* [Work item]: Set down every record below exactly as it stands, with the pictures omitted.
━━━━━━━━
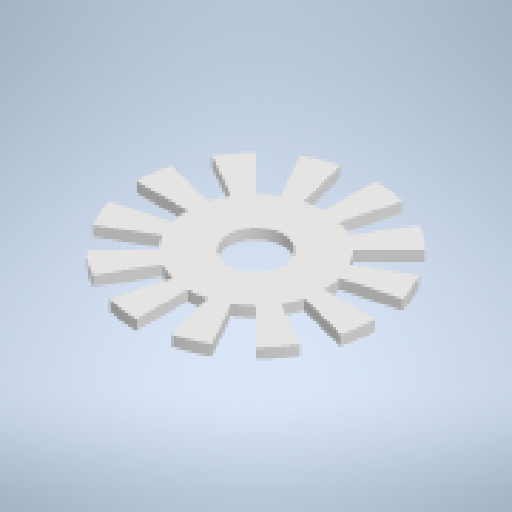
# Autodesk Inventor part: Encoder2
Saved by Autodesk Inventor 2023 (Build 270158000, 158)
## iProperties
Created: 2022-12-24
Part Number: Encoder2
Material: Genérico
Document SubType Name: Modeling
Designer: sergi
Density: 1 g/cm^3
Appearance: Valor por defecto
Author: sergi
Autodesk Inventor part; units mm, degrees
ref_plane "YZ Plane" through (0, 0, 0) normal (1, 0, 0) x (0, 1, 0)
ref_plane "XZ Plane" through (0, 0, 0) normal (0, 1, 0) x (-1, 0, 0)
ref_plane "XY Plane" through (0, 0, 0) normal (0, 0, 1) x (1, 0, 0)
sketch "Boceto1" plane through (0, 0, 0) normal (0, 1, 0) x (-1, 0, 0)
  line L0 (0, -10) -> (0, -17.5)
  arc A0 (0, -10) -> (2.5882, -9.6593) centre (0, 0) ccw
  line L1 (2.5882, -9.6593) -> (4.5293, -16.9037)
  line L2 (5, -8.6603) -> (8.75, -15.1554)
  arc A1 (5, -8.6603) -> (7.0711, -7.0711) centre (0, 0) ccw
  line L3 (7.0711, -7.0711) -> (12.3744, -12.3744)
  line L4 (8.6603, -5) -> (15.1554, -8.75)
  arc A2 (8.6603, -5) -> (9.6593, -2.5882) centre (0, 0) ccw
  line L5 (9.6593, -2.5882) -> (16.9037, -4.5293)
  line L6 (10, 0) -> (17.5, 0)
  arc A3 (10, 0) -> (9.6593, 2.5882) centre (0, 0) ccw
  line L7 (9.6593, 2.5882) -> (16.9037, 4.5293)
  line L8 (8.6603, 5) -> (15.1554, 8.75)
  arc A4 (8.6603, 5) -> (7.0711, 7.0711) centre (0, 0) ccw
  line L9 (7.0711, 7.0711) -> (12.3744, 12.3744)
  line L10 (5, 8.6603) -> (8.75, 15.1554)
  arc A5 (5, 8.6603) -> (2.5882, 9.6593) centre (0, 0) ccw
  line L11 (2.5882, 9.6593) -> (4.5293, 16.9037)
  line L12 (0, 10) -> (0, 17.5)
  arc A6 (0, 10) -> (-2.5882, 9.6593) centre (0, 0) ccw
  line L13 (-2.5882, 9.6593) -> (-4.5293, 16.9037)
  line L14 (-5, 8.6603) -> (-8.75, 15.1554)
  arc A7 (-5, 8.6603) -> (-7.0711, 7.0711) centre (0, 0) ccw
  line L15 (-7.0711, 7.0711) -> (-12.3744, 12.3744)
  line L16 (-8.6603, 5) -> (-15.1554, 8.75)
  arc A8 (-8.6603, 5) -> (-9.6593, 2.5882) centre (0, 0) ccw
  line L17 (-9.6593, 2.5882) -> (-16.9037, 4.5293)
  line L18 (-10, 0) -> (-17.5, 0)
  arc A9 (-10, 0) -> (-9.6593, -2.5882) centre (0, 0) ccw
  line L19 (-9.6593, -2.5882) -> (-16.9037, -4.5293)
  line L20 (-8.6603, -5) -> (-15.1554, -8.75)
  arc A10 (-8.6603, -5) -> (-7.0711, -7.0711) centre (0, 0) ccw
  line L21 (-7.0711, -7.0711) -> (-12.3744, -12.3744)
  line L22 (-5, -8.6603) -> (-8.75, -15.1554)
  arc A11 (-5, -8.6603) -> (-2.5882, -9.6593) centre (0, 0) ccw
  line L23 (-2.5882, -9.6593) -> (-4.5293, -16.9037)
  arc A12 (12.3744, 12.3744) -> (8.75, 15.1554) centre (0, 0) ccw
  arc A13 (16.9037, 4.5293) -> (15.1554, 8.75) centre (0, 0) ccw
  arc A14 (16.9037, -4.5293) -> (17.5, 0) centre (0, 0) ccw
  arc A15 (12.3744, -12.3744) -> (15.1554, -8.75) centre (0, 0) ccw
  arc A16 (4.5293, -16.9037) -> (8.75, -15.1554) centre (0, 0) ccw
  arc A17 (-4.5293, -16.9037) -> (0, -17.5) centre (0, 0) ccw
  arc A18 (-12.3744, -12.3744) -> (-8.75, -15.1554) centre (0, 0) ccw
  arc A19 (-16.9037, -4.5293) -> (-15.1554, -8.75) centre (0, 0) ccw
  arc A20 (-16.9037, 4.5293) -> (-17.5, 0) centre (0, 0) ccw
  arc A21 (-12.3744, 12.3744) -> (-15.1554, 8.75) centre (0, 0) ccw
  arc A22 (4.5293, 16.9037) -> (0, 17.5) centre (0, 0) ccw
  arc A23 (-4.5293, 16.9037) -> (-8.75, 15.1554) centre (0, 0) ccw
  line L24 (5.1962, 3) -> (7.1962, 3)
  line L25 (7.1962, 3) -> (7.1962, -3)
  line L26 (7.1962, -3) -> (5.1962, -3)
  line L27 (-5.1962, -3) -> (-7.1962, -3)
  line L28 (-7.1962, -3) -> (-7.1962, 3)
  line L29 (-7.1962, 3) -> (-5.1962, 3)
  arc A24 (5.1962, 3) -> (-5.1962, 3) centre (0, 0) ccw
  arc A25 (-5.1962, -3) -> (5.1962, -3) centre (0, 0) ccw
  dimension "d6" = 360
  dimension "d11" = 2
  dimension "d12" = 6
  dimension "d13" = 2
  dimension "d14" = 6
  constraints: 60 end point, 52 point on circle, 26 centre point, 2 coincident, 2 perpendicular, 2 point on line, 1 vertical, 97 other
  measures "d11" distance of L24.start L24.end
  measures "d12" distance of L24.end L25.end
  measures "d13" distance of L27.start L27.end
  measures "d14" distance of L27.end L28.end
extrude "Extrusión1" add sketch "Boceto1" along normal blind 1.5 contours L0 A17 L23 A11 L22 A18 L21 A10 L20 A19 L19 A9 L18 A20 L17 A8 L16 A21 L15 A7 L14 A23 L13 A6 L12 A22 L11 A5 L10 A12 L9 A4 L8 A13 L7 A3 L6 A14 L5 A2 L4 A15 L3 A1 L2 A16 L1 A0 | L24 L25 L26 A25 L27 L28 L29 A24
sketch "Boceto2" plane through (0, 0, 0) normal (0, -1, 0) x (1, 0, 0)
  arc A0 (-9.6593, -2.5882) -> (-8.6603, -5) centre (0, 0) ccw projected
  constraints: 1 coincident
hole "Agujero1" at (0, 0, 0) direction (0, 1, 0) diameter 8 depth 8 tip angle 118
━━━━━━━━
* [Your solution]:
# Autodesk Inventor part: Encoder2
Saved by Autodesk Inventor 2023 (Build 270158000, 158)
## iProperties
Created: 2022-12-24
Part Number: Encoder2
Material: Genérico
Document SubType Name: Modeling
Designer: sergi
Density: 1 g/cm^3
Appearance: Valor por defecto
Author: sergi
Autodesk Inventor part; units mm, degrees
ref_plane "YZ Plane" through (0, 0, 0) normal (1, 0, 0) x (0, 1, 0)
ref_plane "XZ Plane" through (0, 0, 0) normal (0, 1, 0) x (-1, 0, 0)
ref_plane "XY Plane" through (0, 0, 0) normal (0, 0, 1) x (1, 0, 0)
sketch "Boceto1" plane through (0, 0, 0) normal (0, 1, 0) x (-1, 0, 0)
  line L0 (0, -10) -> (0, -17.5)
  arc A0 (0, -10) -> (2.5882, -9.6593) centre (0, 0) ccw
  line L1 (2.5882, -9.6593) -> (4.5293, -16.9037)
  line L2 (5, -8.6603) -> (8.75, -15.1554)
  arc A1 (5, -8.6603) -> (7.0711, -7.0711) centre (0, 0) ccw
  line L3 (7.0711, -7.0711) -> (12.3744, -12.3744)
  line L4 (8.6603, -5) -> (15.1554, -8.75)
  arc A2 (8.6603, -5) -> (9.6593, -2.5882) centre (0, 0) ccw
  line L5 (9.6593, -2.5882) -> (16.9037, -4.5293)
  line L6 (10, 0) -> (17.5, 0)
  arc A3 (10, 0) -> (9.6593, 2.5882) centre (0, 0) ccw
  line L7 (9.6593, 2.5882) -> (16.9037, 4.5293)
  line L8 (8.6603, 5) -> (15.1554, 8.75)
  arc A4 (8.6603, 5) -> (7.0711, 7.0711) centre (0, 0) ccw
  line L9 (7.0711, 7.0711) -> (12.3744, 12.3744)
  line L10 (5, 8.6603) -> (8.75, 15.1554)
  arc A5 (5, 8.6603) -> (2.5882, 9.6593) centre (0, 0) ccw
  line L11 (2.5882, 9.6593) -> (4.5293, 16.9037)
  line L12 (0, 10) -> (0, 17.5)
  arc A6 (0, 10) -> (-2.5882, 9.6593) centre (0, 0) ccw
  line L13 (-2.5882, 9.6593) -> (-4.5293, 16.9037)
  line L14 (-5, 8.6603) -> (-8.75, 15.1554)
  arc A7 (-5, 8.6603) -> (-7.0711, 7.0711) centre (0, 0) ccw
  line L15 (-7.0711, 7.0711) -> (-12.3744, 12.3744)
  line L16 (-8.6603, 5) -> (-15.1554, 8.75)
  arc A8 (-8.6603, 5) -> (-9.6593, 2.5882) centre (0, 0) ccw
  line L17 (-9.6593, 2.5882) -> (-16.9037, 4.5293)
  line L18 (-10, 0) -> (-17.5, 0)
  arc A9 (-10, 0) -> (-9.6593, -2.5882) centre (0, 0) ccw
  line L19 (-9.6593, -2.5882) -> (-16.9037, -4.5293)
  line L20 (-8.6603, -5) -> (-15.1554, -8.75)
  arc A10 (-8.6603, -5) -> (-7.0711, -7.0711) centre (0, 0) ccw
  line L21 (-7.0711, -7.0711) -> (-12.3744, -12.3744)
  line L22 (-5, -8.6603) -> (-8.75, -15.1554)
  arc A11 (-5, -8.6603) -> (-2.5882, -9.6593) centre (0, 0) ccw
  line L23 (-2.5882, -9.6593) -> (-4.5293, -16.9037)
  arc A12 (12.3744, 12.3744) -> (8.75, 15.1554) centre (0, 0) ccw
  arc A13 (16.9037, 4.5293) -> (15.1554, 8.75) centre (0, 0) ccw
  arc A14 (16.9037, -4.5293) -> (17.5, 0) centre (0, 0) ccw
  arc A15 (12.3744, -12.3744) -> (15.1554, -8.75) centre (0, 0) ccw
  arc A16 (4.5293, -16.9037) -> (8.75, -15.1554) centre (0, 0) ccw
  arc A17 (-4.5293, -16.9037) -> (0, -17.5) centre (0, 0) ccw
  arc A18 (-12.3744, -12.3744) -> (-8.75, -15.1554) centre (0, 0) ccw
  arc A19 (-16.9037, -4.5293) -> (-15.1554, -8.75) centre (0, 0) ccw
  arc A20 (-16.9037, 4.5293) -> (-17.5, 0) centre (0, 0) ccw
  arc A21 (-12.3744, 12.3744) -> (-15.1554, 8.75) centre (0, 0) ccw
  arc A22 (4.5293, 16.9037) -> (0, 17.5) centre (0, 0) ccw
  arc A23 (-4.5293, 16.9037) -> (-8.75, 15.1554) centre (0, 0) ccw
  line L24 (5.1962, 3) -> (7.1962, 3)
  line L25 (7.1962, 3) -> (7.1962, -3)
  line L26 (7.1962, -3) -> (5.1962, -3)
  line L27 (-5.1962, -3) -> (-7.1962, -3)
  line L28 (-7.1962, -3) -> (-7.1962, 3)
  line L29 (-7.1962, 3) -> (-5.1962, 3)
  arc A24 (5.1962, 3) -> (-5.1962, 3) centre (0, 0) ccw
  arc A25 (-5.1962, -3) -> (5.1962, -3) centre (0, 0) ccw
  dimension "d6" = 360
  dimension "d11" = 2
  dimension "d12" = 6
  dimension "d13" = 2
  dimension "d14" = 6
  constraints: 60 end point, 52 point on circle, 26 centre point, 2 coincident, 2 perpendicular, 2 point on line, 1 vertical, 97 other
  measures "d11" distance of L24.start L24.end
  measures "d12" distance of L24.end L25.end
  measures "d13" distance of L27.start L27.end
  measures "d14" distance of L27.end L28.end
extrude "Extrusión1" add sketch "Boceto1" along normal blind 1.5 contours L0 A17 L23 A11 L22 A18 L21 A10 L20 A19 L19 A9 L18 A20 L17 A8 L16 A21 L15 A7 L14 A23 L13 A6 L12 A22 L11 A5 L10 A12 L9 A4 L8 A13 L7 A3 L6 A14 L5 A2 L4 A15 L3 A1 L2 A16 L1 A0 | L24 L25 L26 A25 L27 L28 L29 A24
sketch "Boceto2" plane through (0, 0, 0) normal (0, -1, 0) x (1, 0, 0)
  arc A0 (-9.6593, -2.5882) -> (-8.6603, -5) centre (0, 0) ccw projected
  constraints: 1 coincident
hole "Agujero1" at (0, 0, 0) direction (0, 1, 0) diameter 8 depth 8 tip angle 118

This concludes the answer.